Written by Jim Huntzinger
Published in: Target Magazine, Volume 22, Issue 4
Date: fourth quarter of 2006
Link to article
If you are working on a lean conversion, but have not heard of Training Within Industry (TWI), you most likely will soon. Training Within Industry, “without question ... the most successful corporate training programs in the history of the United States,” had its first heyday during World War II. After the war it became an unsung part of the Toyota Production System (TPS). Now it is being reborn in North America to help boost and hold gains from process kaizen.

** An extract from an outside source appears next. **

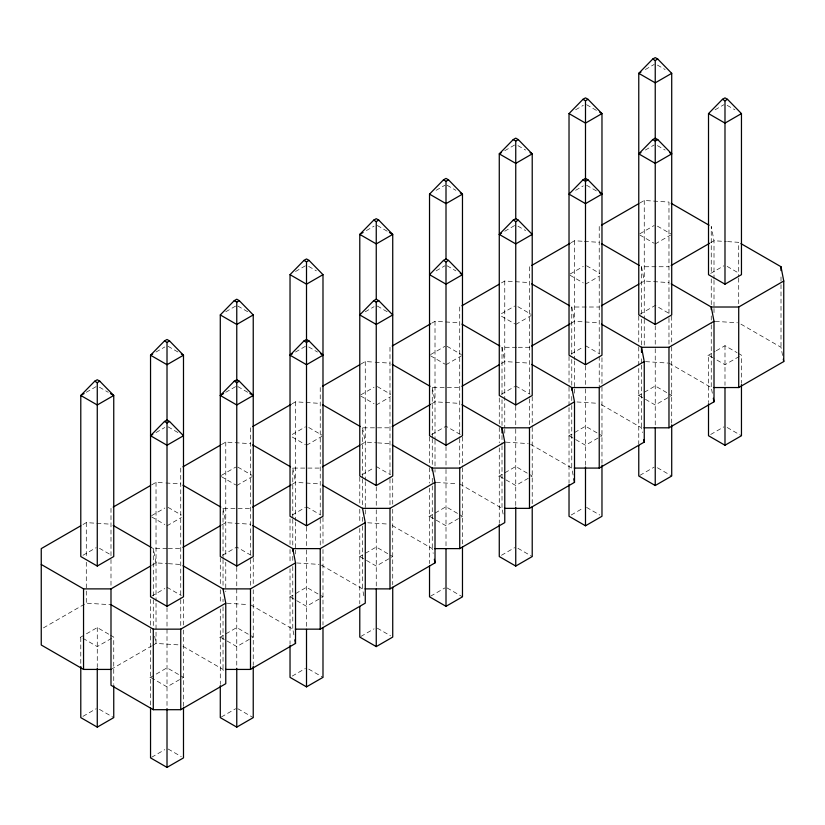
<?xml version="1.0" encoding="UTF-8"?>
<svg xmlns="http://www.w3.org/2000/svg" width="825" height="825" viewBox="0 0 825 825"><rect width="100%" height="100%" fill="white"/><g stroke="black" fill="none" stroke-linecap="round" stroke-linejoin="round"><path stroke-width="0.62" stroke-dasharray="4.12 3.09" d="M86.285 392.298L96.164 386.595M156.028 352.028L164.814 346.964M225.772 311.767L235.661 306.054M295.525 271.497L305.405 265.794M366.372 230.598L374.055 226.153M436.116 190.328L444.902 185.254M504.766 150.697L514.645 144.983M575.613 109.787L583.296 105.352M645.356 69.527L654.143 64.453M156.028 432.568L164.814 427.494M225.772 392.298L235.661 386.595M295.525 352.028L305.405 346.325M365.269 311.767L374.055 306.694M436.116 270.858L444.902 265.794M504.766 231.227L514.645 225.524M575.613 190.328L583.296 185.883M645.356 150.057L654.143 144.983M715.1 109.787L723.886 104.713M82.985 524.525L86.285 522.617L110.993 524.205M151.635 484.883L156.028 482.347L164.68 482.903M221.378 444.623L225.772 442.087L250.491 443.664M292.225 403.714L295.525 401.816L320.234 403.404M360.876 364.083L365.269 361.546L373.921 362.103M431.722 323.183L435.012 321.276L459.731 322.864M501.466 282.913L504.766 281.016L529.475 282.593M571.22 242.643L574.509 240.745L583.162 241.302M639.86 203.012L644.253 200.475L668.972 202.063L668.972 317.109M82.985 555.277L96.164 547.666M151.635 515.646L164.814 508.035M221.378 475.375L235.661 467.136M292.225 434.476L305.405 426.865M360.876 394.835L374.055 387.234M430.619 354.575L444.902 346.325M501.466 313.665L514.645 306.065M570.116 274.034L583.296 266.423M639.86 233.764L654.143 225.524M167.011 525.793L181.294 517.543M236.765 485.523L252.141 476.644M306.508 445.252L321.884 436.373M376.252 404.982L390.534 396.743M446.005 364.722L461.381 355.843M515.749 324.452L531.125 315.573M585.492 284.182L599.775 275.942M655.236 243.911L670.622 235.032M43.447 627.887L86.285 603.158L110.993 604.746M151.635 565.424L156.028 562.887L167.155 563.599M221.378 525.154L225.772 522.617L250.491 524.205M292.225 484.254L295.525 482.347L320.234 483.935M360.876 444.623L365.269 442.087L376.396 442.798M431.722 403.714L435.012 401.816L459.731 403.404M501.466 363.454L504.766 361.546L529.475 363.134M571.22 323.183L574.509 321.276L599.228 322.864M639.86 283.552L644.253 281.016L668.972 282.593M710.707 242.643L714.007 240.745L726.361 241.539M80.211 637.416L97.267 627.567L109.354 634.549M151.635 596.176L164.814 588.565M222.482 555.277L236.765 547.037L252.141 555.916M292.225 515.006L305.405 507.396M361.979 474.746L374.055 467.765M431.722 434.476L446.005 426.226L460.278 434.476M501.466 394.206L514.645 386.595M571.22 353.935L583.296 346.964M639.86 314.304L655.236 305.425L669.518 313.675M710.707 273.405L723.886 265.794M111.55 638.354L97.267 646.594L80.788 637.086L80.788 665.208M110.993 669.426L151.635 645.965M152.738 645.325L156.028 643.428L179.51 644.933M82.985 716.347L96.164 708.737M149.964 677.686L167.011 667.837L183.49 677.346L167.011 686.864L150.542 677.356M219.708 637.416L236.765 627.567L253.234 637.086L236.765 646.594L220.285 637.086M289.451 597.145L306.508 587.297L322.988 596.815L306.508 606.323L290.029 596.815M359.205 556.875L376.252 547.037L392.731 556.545L376.252 566.063L359.782 556.545M428.948 516.615L446.005 506.767L462.474 516.275L446.005 525.793L429.526 516.275M498.692 476.345L515.749 466.496L532.218 476.015L515.749 485.523L499.269 476.015M568.446 436.074L585.492 426.226L601.972 435.744L585.492 445.252L569.023 435.744M638.189 395.804L655.236 385.966L671.715 395.474L655.236 404.993L638.767 395.474M707.933 355.544L715.1 351.398M716.203 350.769L724.989 345.696L737.065 352.667M739.262 356.472L724.989 364.722L714.007 358.38M151.635 757.257L164.814 749.647M221.378 716.987L235.661 708.737M292.225 676.087L305.405 668.477M360.876 636.446L374.055 628.836M430.619 596.176L444.902 587.936M501.466 555.277L514.645 547.666M571.22 515.006L583.296 508.035M639.86 475.375L654.143 467.136M710.707 434.476L723.886 426.865M641.51 314.047L641.51 266.743L668.972 266.743M571.766 354.307L571.766 307.013L599.228 307.013M502.012 394.577L502.012 347.284L516.997 347.284M518.244 347.284L529.475 347.284M432.269 437.405L432.269 387.544L459.731 387.544M362.526 477.675L362.526 427.814L376.252 427.814M377.499 427.814L389.988 427.814M292.782 517.935L292.782 468.084L320.234 468.084M223.028 558.205L223.028 508.355L250.491 508.355M167.011 548.615L153.285 548.615L151.057 547.336M168.259 548.615L180.747 548.615M727.598 241.612L738.715 242.333L738.715 276.849M584.399 241.374L599.228 242.333M715.244 321.358L737.478 322.781M645.49 361.628L667.734 363.052M375.158 362.185L389.988 363.134M576.984 401.971L597.991 403.322M506.003 442.159L528.237 443.592M377.623 442.87L389.988 443.664M436.25 482.429L457.256 483.78M165.918 482.986L180.747 483.935M367.744 522.782L388.75 524.123M296.763 562.97L318.997 564.393M168.382 563.681L180.747 564.475M227.009 603.23L248.016 604.581M657.432 65.082L665.125 69.527M727.186 105.352L734.869 109.787M586.596 104.713L596.475 110.426M657.432 145.623L665.125 150.057M517.945 145.623L525.628 150.057M586.596 185.254L596.475 190.957M657.432 226.153L670.622 233.764M727.186 266.423L739.262 273.405M639.86 235.032L654.143 243.282M740.943 324.153L781.007 347.284L782.605 355.606M447.098 185.254L455.885 190.328M517.945 226.153L525.628 230.598M586.596 265.794L599.775 273.405M738.169 353.306L741.458 355.204L741.458 383.326M570.116 275.302L583.296 282.913M712.903 357.741L708.51 355.204L708.51 402.507M668.972 363.134L711.253 387.544L712.635 394.68M377.355 225.524L387.234 231.227M447.098 265.794L455.885 270.858M517.945 306.694L531.125 314.304M585.492 345.696L599.775 353.935M727.186 427.505L741.458 435.744M501.466 316.202L514.645 323.812M601.446 404.683L641.51 427.814L642.428 432.568M308.705 266.423L316.387 270.858M377.355 306.054L387.234 311.767M447.098 346.325L461.381 354.575M515.749 385.966L530.021 394.206M657.432 467.765L671.715 476.015M430.619 355.843L444.902 364.083M530.588 444.314L571.766 468.084L573.365 476.407M237.858 306.054L247.748 311.767M308.705 346.964L317.491 352.028M377.355 386.595L390.534 394.206M586.596 507.406L599.775 515.006M360.876 396.103L374.055 403.714M459.731 483.935L502.012 508.355L503.157 514.295M168.114 346.325L177.994 352.028M237.858 386.595L247.748 392.298M308.705 427.494L321.884 435.105M376.252 466.496L390.534 474.746M517.945 548.305L532.218 556.545M292.225 437.013L305.405 444.623M392.205 525.494L432.269 548.615L433.187 553.379M99.464 387.224L108.25 392.298M168.114 426.865L177.994 432.568M237.858 467.136L252.141 475.375M306.508 506.767L320.791 515.006M447.098 587.936L462.474 596.815M221.378 476.644L235.661 484.883M321.348 565.115L362.526 588.885L364.124 597.207M168.114 507.396L181.294 515.006M377.355 628.207L390.534 635.817M151.635 516.914L164.814 524.525M250.491 604.746L292.782 629.155L293.917 635.095M99.464 548.305L111.55 555.277M167.011 587.297L181.294 595.547M308.705 669.106L322.988 677.356M182.964 646.295L223.028 669.426L223.719 672.994M110.447 635.178L113.747 637.086L113.747 684.379M237.858 708.737L253.234 717.616M99.464 709.376L113.747 717.616M168.114 749.007L181.294 756.618M641.51 266.743L644.253 281.016M571.766 307.013L574.509 321.276M502.012 347.284L504.766 361.546M432.269 387.544L435.012 401.816M362.526 427.814L365.269 442.087M292.782 468.084L295.525 482.347M223.028 508.355L225.772 522.617M156.028 562.887L153.285 548.615L153.285 598.476M154.657 636.292L156.028 643.428L156.028 602.518M781.007 276.973L781.007 283.367M781.007 284.635L781.007 347.284M738.715 278.118L738.715 303.693M724.989 345.696L724.989 385.327M714.007 279.097L714.007 240.745L711.253 226.473L711.253 273.776M714.007 280.376L714.007 307.22M714.007 308.498L714.007 313.613M711.253 278.891L711.253 307.013M711.253 315.954L711.253 323.627M711.253 324.906L711.253 387.544M671.715 316.212L671.715 345.623M671.715 346.902L671.715 423.596M668.972 318.388L668.972 347.284M655.236 325.731L655.236 347.614M655.236 348.738L655.236 425.597M644.253 200.475L644.253 318.079M644.253 319.358L644.253 347.49M641.51 319.151L641.51 347.284M641.51 358.782L641.51 363.897M641.51 365.176L641.51 427.814M638.767 316.212L638.767 345.623M638.767 346.902L638.767 444.056M601.972 357.761L601.972 385.883M601.972 387.162L601.972 463.867M599.228 226.473L599.228 387.544M585.492 366.001L585.492 387.884M585.492 389.008L585.492 465.857M574.509 240.745L574.509 359.628M574.509 360.907L574.509 387.75M574.509 389.029L574.509 395.423M571.766 359.422L571.766 387.544M571.766 396.495L571.766 404.168M571.766 405.446L571.766 468.084M569.023 356.483L569.023 385.883M569.023 387.162L569.023 406.343M569.023 407.622L569.023 483.037M532.218 396.753L532.218 426.154M532.218 427.433L532.218 504.137M529.475 266.743L529.475 397.65M529.475 398.929L529.475 427.814M515.749 406.261L515.749 428.144M515.749 429.278L515.749 506.127M504.766 281.016L504.766 428.02M504.766 429.299L504.766 433.135M502.012 399.692L502.012 427.814M502.012 435.487L502.012 444.438M502.012 445.717L502.012 508.355M499.269 398.032L499.269 426.154M499.269 427.433L499.269 442.778M499.269 447.892L499.269 523.308M462.474 437.023L462.474 466.424M462.474 467.703L462.474 544.407M459.731 307.013L459.731 437.92M459.731 438.683L459.731 468.084M446.005 446.531L446.005 468.414M446.005 469.538L446.005 546.398M435.012 321.276L435.012 438.89M435.012 440.168L435.012 468.291M435.012 469.569L435.012 472.127M432.269 438.683L432.269 468.084M432.269 478.314L432.269 484.698M432.269 485.977L432.269 548.615M429.526 437.023L429.526 466.424M429.526 467.703L429.526 483.037M429.526 488.153L429.526 563.578M392.731 478.572L392.731 504.137M392.731 509.252L392.731 584.667M389.988 347.284L389.988 478.18M389.988 478.954L389.988 508.355M376.252 486.802L376.252 508.685M376.252 509.809L376.252 587.947M365.269 361.546L365.269 480.439M365.269 481.707L365.269 508.561M365.269 509.84L365.269 516.223M362.526 478.954L362.526 508.355M362.526 517.296L362.526 524.968M362.526 526.247L362.526 588.885M359.782 477.293L359.782 504.137M359.782 509.252L359.782 523.308M359.782 528.423L359.782 603.848M322.988 517.553L322.988 544.407M322.988 549.512L322.988 624.938M320.234 387.544L320.234 518.451M320.234 519.214L320.234 548.615M306.508 527.072L306.508 548.955M306.508 550.079L306.508 628.207M295.525 401.816L295.525 520.699M295.525 521.978L295.525 548.821M295.525 550.1L295.525 553.936M292.782 519.214L292.782 548.615M292.782 556.287L292.782 561.402M292.782 566.517L292.782 629.155M290.029 518.832L290.029 544.407M290.029 549.512L290.029 563.578M290.029 568.693L290.029 644.108M253.234 557.824L253.234 584.667M253.234 589.782L253.234 665.208M250.491 427.814L250.491 558.721M250.491 559.484L250.491 588.885M236.765 567.332L236.765 667.198M225.772 442.087L225.772 557.133M225.772 562.248L225.772 591.649M223.028 559.484L223.028 588.885M223.028 599.115L223.028 601.673M223.028 606.788L223.028 669.426M220.285 557.824L220.285 584.667M220.285 589.782L220.285 603.848M220.285 608.963L220.285 684.379M183.49 599.373L183.49 624.938M183.49 630.053L183.49 706.757M180.747 468.084L180.747 598.991M180.747 599.754L180.747 629.155M167.011 607.602L167.011 707.468M156.028 482.347L156.028 601.239M153.285 599.754L153.285 629.155M150.542 599.373L150.542 627.495M150.542 628.774L150.542 706.757M110.993 508.355L110.993 558.721M110.993 559.484L110.993 588.885M97.267 627.567L97.267 667.198M86.285 522.617L86.285 557.133M86.285 562.248L86.285 603.158"/><path stroke-width="1.24" d="M94.741 381.202L80.788 395.474L80.788 556.545L97.267 566.053L113.747 556.545L113.747 395.474L99.794 381.202L97.267 379.748L94.741 381.202L97.267 382.666L99.794 381.202M164.484 340.931L150.542 355.204L150.542 596.815L167.011 606.323L183.49 596.815L183.49 355.204L169.537 340.931L167.011 339.477L164.484 340.931L167.011 342.396L169.537 340.931M220.285 314.933L234.238 300.671L236.765 299.207L239.291 300.671L253.234 314.933L253.234 556.545L236.765 566.053L220.285 556.545L220.285 314.933L236.765 324.452L253.234 314.933M290.029 274.663L303.982 260.401L306.508 258.937L309.035 260.401L322.988 274.663L322.988 516.275L306.508 525.793L290.029 516.275L290.029 274.663L306.508 284.182L322.988 274.663M150.542 435.734L164.484 421.472L167.011 420.007L169.537 421.472L183.49 435.734L167.011 445.252L150.542 435.734L152.738 434.466M373.725 220.131L359.782 234.403L359.782 476.004L376.252 485.523L392.731 476.004L392.731 234.403L378.778 220.131L376.252 218.677L373.725 220.131L376.252 221.585L378.778 220.131M220.285 395.474L234.238 381.202L236.765 379.748L239.291 381.202L253.234 395.474L236.765 404.982L220.285 395.474L223.575 393.566M429.526 194.133L443.479 179.86L446.005 178.406L448.522 179.86L462.474 194.133L462.474 435.744L446.005 445.252L429.526 435.744L429.526 194.133L446.005 203.641L462.474 194.133L460.278 192.864M290.029 355.204L303.982 340.931L306.508 339.477L309.035 340.931L322.988 355.204L306.508 364.712L290.029 355.204L292.225 353.935M513.222 139.6L499.269 153.862L499.269 395.474L515.749 404.982L532.218 395.474L532.218 153.862L518.275 139.6L515.749 138.136L513.222 139.6L515.749 141.054L518.275 139.6M373.725 300.671L359.782 314.933L376.252 324.452L392.731 314.933L378.778 300.671L376.252 299.207L373.725 300.671L376.252 302.125L378.778 300.671M569.023 113.592L582.966 99.33L585.492 97.866L588.019 99.33L601.972 113.592L601.972 355.204L585.492 364.722L569.023 355.204L569.023 113.592L585.492 123.111L601.972 113.592L599.775 112.324M443.479 260.401L429.526 274.663L446.005 284.182L462.474 274.663L448.522 260.401L446.005 258.937L443.479 260.401L446.005 261.855L448.522 260.401M652.709 59.06L638.767 73.332L638.767 314.933L655.236 324.452L671.715 314.933L671.715 73.332L657.762 59.06L655.236 57.606L652.709 59.06L655.236 60.514L657.762 59.06M499.269 234.403L513.222 220.131L515.749 218.677L518.275 220.131L532.218 234.403L515.749 243.911L499.269 234.403L501.466 233.135M582.966 179.86L569.023 194.133L585.492 203.641L601.972 194.133L588.019 179.86L585.492 178.406L582.966 179.86L585.492 181.325L588.019 179.86M638.767 153.862L652.709 139.6L655.236 138.136L657.762 139.6L671.715 153.862L655.236 163.381L638.767 153.862L640.963 152.594M708.51 113.592L722.463 99.33L724.989 97.866L727.516 99.33L741.458 113.592L741.458 274.673L724.989 284.182L708.51 274.673L708.51 113.592L724.989 123.111L741.458 113.592M234.238 300.671L236.765 302.125L239.291 300.671M303.982 260.401L306.508 261.855L309.035 260.401M443.479 179.86L446.005 181.325L448.522 179.86M582.966 99.33L585.492 100.784L588.019 99.33M84.088 393.566L80.788 395.474L97.267 404.982L113.747 395.474L110.447 393.566M152.738 353.935L150.542 355.204L167.011 364.712L183.49 355.204L181.294 353.935M363.072 232.495L359.782 234.403L376.252 243.911L392.731 234.403L389.431 232.495M501.466 152.594L499.269 153.862L515.749 163.381L532.218 153.862L530.021 152.594M640.963 72.064L638.767 73.332L655.236 82.84L671.715 73.332M164.484 421.472L167.011 422.926L169.537 421.472M234.238 381.202L236.765 382.666L239.291 381.202M303.982 340.931L306.508 342.396L309.035 340.931M513.222 220.131L515.749 221.585L518.275 220.131M652.709 139.6L655.236 141.054L657.762 139.6M722.463 99.33L724.989 100.784L727.516 99.33M80.788 525.793L41.25 548.615L41.25 645.006L83.542 669.426L110.993 669.426M113.19 507.086L150.542 485.523M182.944 466.816L220.285 445.252M252.687 426.546L291.132 404.353M322.431 386.275L359.782 364.722M392.184 346.015L430.619 323.812M461.928 305.745L499.269 284.182M531.671 265.475L570.116 243.282M601.425 225.204L638.767 203.651M41.25 564.475L83.542 588.885L110.993 588.885L150.542 566.053M182.944 547.346L220.285 525.793M252.687 507.086L291.132 484.883M322.431 466.816L359.782 445.252M392.184 426.546L430.619 404.353M461.928 386.275L499.269 364.722M531.671 346.015L570.116 323.812M601.425 305.745L638.767 284.182M671.168 265.475L709.613 243.282M110.993 604.735L153.285 629.155L180.747 629.155L225.772 603.158L223.028 588.885L182.964 565.754M223.028 588.885L250.491 588.885L295.525 562.887L292.782 548.615L252.718 525.484M292.782 551.172L292.782 548.615L320.234 548.615L365.269 522.617L362.526 508.355L322.462 485.224M362.526 508.355L389.988 508.355L435.012 482.347L432.269 468.084L392.205 444.953M432.269 470.642L432.269 468.084L459.731 468.084L504.766 442.087L502.012 427.814L461.959 404.683M502.012 432.929L502.012 427.814L529.475 427.814L574.509 401.816L571.766 387.544L531.702 364.413M571.766 390.101L571.766 387.544L599.228 387.544L644.253 361.546L641.51 347.284L601.446 324.153M641.51 352.388L641.51 347.284L668.972 347.284L714.007 321.276L711.253 307.013L671.199 283.882M711.253 309.571L711.253 307.013L738.715 307.013L783.75 281.016L781.007 266.743L740.943 243.612M80.788 666.487L80.788 717.616L97.267 727.134L113.747 717.616L113.747 685.658M110.993 588.885L110.993 685.276L153.285 709.696L180.747 709.696L225.772 683.688L225.772 603.158M225.524 669.426L250.491 669.426L295.525 643.428L295.525 562.887M295.278 629.155L320.234 629.155L365.269 603.158L365.269 522.617M365.021 588.885L389.988 588.885L435.012 562.887L435.012 482.347M434.765 548.615L459.731 548.615L504.766 522.617L504.766 442.087M504.518 508.355L529.475 508.355L574.509 482.357L574.509 401.816M574.262 468.084L599.228 468.084L644.253 442.087L644.253 361.546M644.005 427.814L668.972 427.814L714.007 401.816L714.007 321.276M713.749 387.544L738.715 387.544L783.75 361.546L783.75 281.016M150.542 708.025L150.542 757.886L167.011 767.394L183.49 757.886L183.49 708.025M220.285 685.658L220.285 717.616L236.765 727.134L253.234 717.616L253.234 666.487M290.029 645.387L290.029 677.356L306.508 686.864L322.988 677.356L322.988 627.495M359.782 606.406L359.782 637.086L376.252 646.594L392.731 637.086L392.731 587.225M429.526 566.136L429.526 596.815L446.005 606.323L462.474 596.815L462.474 546.954M499.269 524.587L499.269 556.545L515.749 566.063L532.218 556.545L532.218 506.694M569.023 484.316L569.023 516.275L585.492 525.793L601.972 516.275L601.972 465.145M638.767 445.335L638.767 476.015L655.236 485.523L671.715 476.015L671.715 424.875M708.51 403.786L708.51 435.744L724.989 445.252L741.458 435.744L741.458 384.605M669.518 152.594L671.715 153.862M671.199 203.342L709.036 225.194M599.775 192.864L601.972 194.133M601.446 243.612L639.282 265.454M531.702 283.882L569.539 305.724M460.278 273.395L462.474 274.663M461.959 324.153L499.795 345.995M392.205 364.413L430.042 386.265M320.791 353.935L322.988 355.204M322.462 404.683L360.298 426.525M249.944 393.566L253.234 395.474M252.718 444.953L290.555 466.795M182.964 485.224L220.801 507.066M113.221 525.484L151.057 547.336M783.296 359.174L783.75 361.546M713.316 398.248L714.007 401.816M643.799 439.704L644.253 442.087M573.818 478.789L574.509 482.357M434.332 559.319L435.012 562.887M294.834 639.86L295.525 643.428M781.007 266.743L781.007 270.579M738.715 307.013L738.715 387.544M724.989 100.784L724.989 284.182M724.989 387.729L724.989 445.252M668.972 347.284L668.972 427.814M655.236 60.514L655.236 139.538M655.236 141.054L655.236 324.452M655.236 428L655.236 485.523M599.228 387.544L599.228 468.084M585.492 100.784L585.492 179.809M585.492 181.325L585.492 364.722M585.492 466.991L585.492 525.793M529.475 427.814L529.475 508.355M515.749 141.054L515.749 218.79M515.749 221.585L515.749 404.982M515.749 507.251L515.749 566.063M459.731 468.084L459.731 548.615M446.005 181.325L446.005 259.05M446.005 261.855L446.005 445.252M446.005 548.8L446.005 606.323M389.988 508.355L389.988 588.885M376.252 221.585L376.252 299.32M376.252 302.125L376.252 485.523M376.252 589.071L376.252 646.594M320.234 548.615L320.234 629.155M306.508 261.855L306.508 340.88M306.508 342.396L306.508 525.793M306.508 629.341L306.508 686.864M250.491 588.885L250.491 669.426M236.765 302.125L236.765 381.15M236.765 382.666L236.765 566.053M236.765 668.322L236.765 727.134M180.747 629.155L180.747 709.696M167.011 342.396L167.011 421.41M167.011 422.926L167.011 606.323M167.011 708.592L167.011 767.394M153.285 629.155L153.285 709.696M97.267 382.666L97.267 566.053M97.267 668.322L97.267 727.134M83.542 588.885L83.542 669.426"/></g></svg>

Unfortunately, Americans saw TWI as a war program, not as a permanent workplace practice. TWI began fading from the American scene before the end of World War II, as soon as victory seemed assured. All along, management foot-dragging had been the major obstacle to TWI implementation, perhaps because grass-roots attention to how work was done tended to stir questioning of management in general.
After the war, TWI was introduced into Japan along with quality methods. Japanese industry, eager to learn from the industrial base which had defeated them, quickly made it a staple of their industrial training. By stabilizing and standardizing work, TWI helped improve quality in practice by removing much of the human variation from work processes. At Toyota, Taiichi Ohno and others recognized that the TWI “J-Programs,” described in the box copy, greatly aided process improvement. They became embedded in the Toyota Production System. Sixty years later, TWI cards translated from Japanese back into English still read almost as they did during World War II. Although TWI was only one of many influences shaping TPS, it has been one underestimated in the West, so it is beginning to draw renewed interest.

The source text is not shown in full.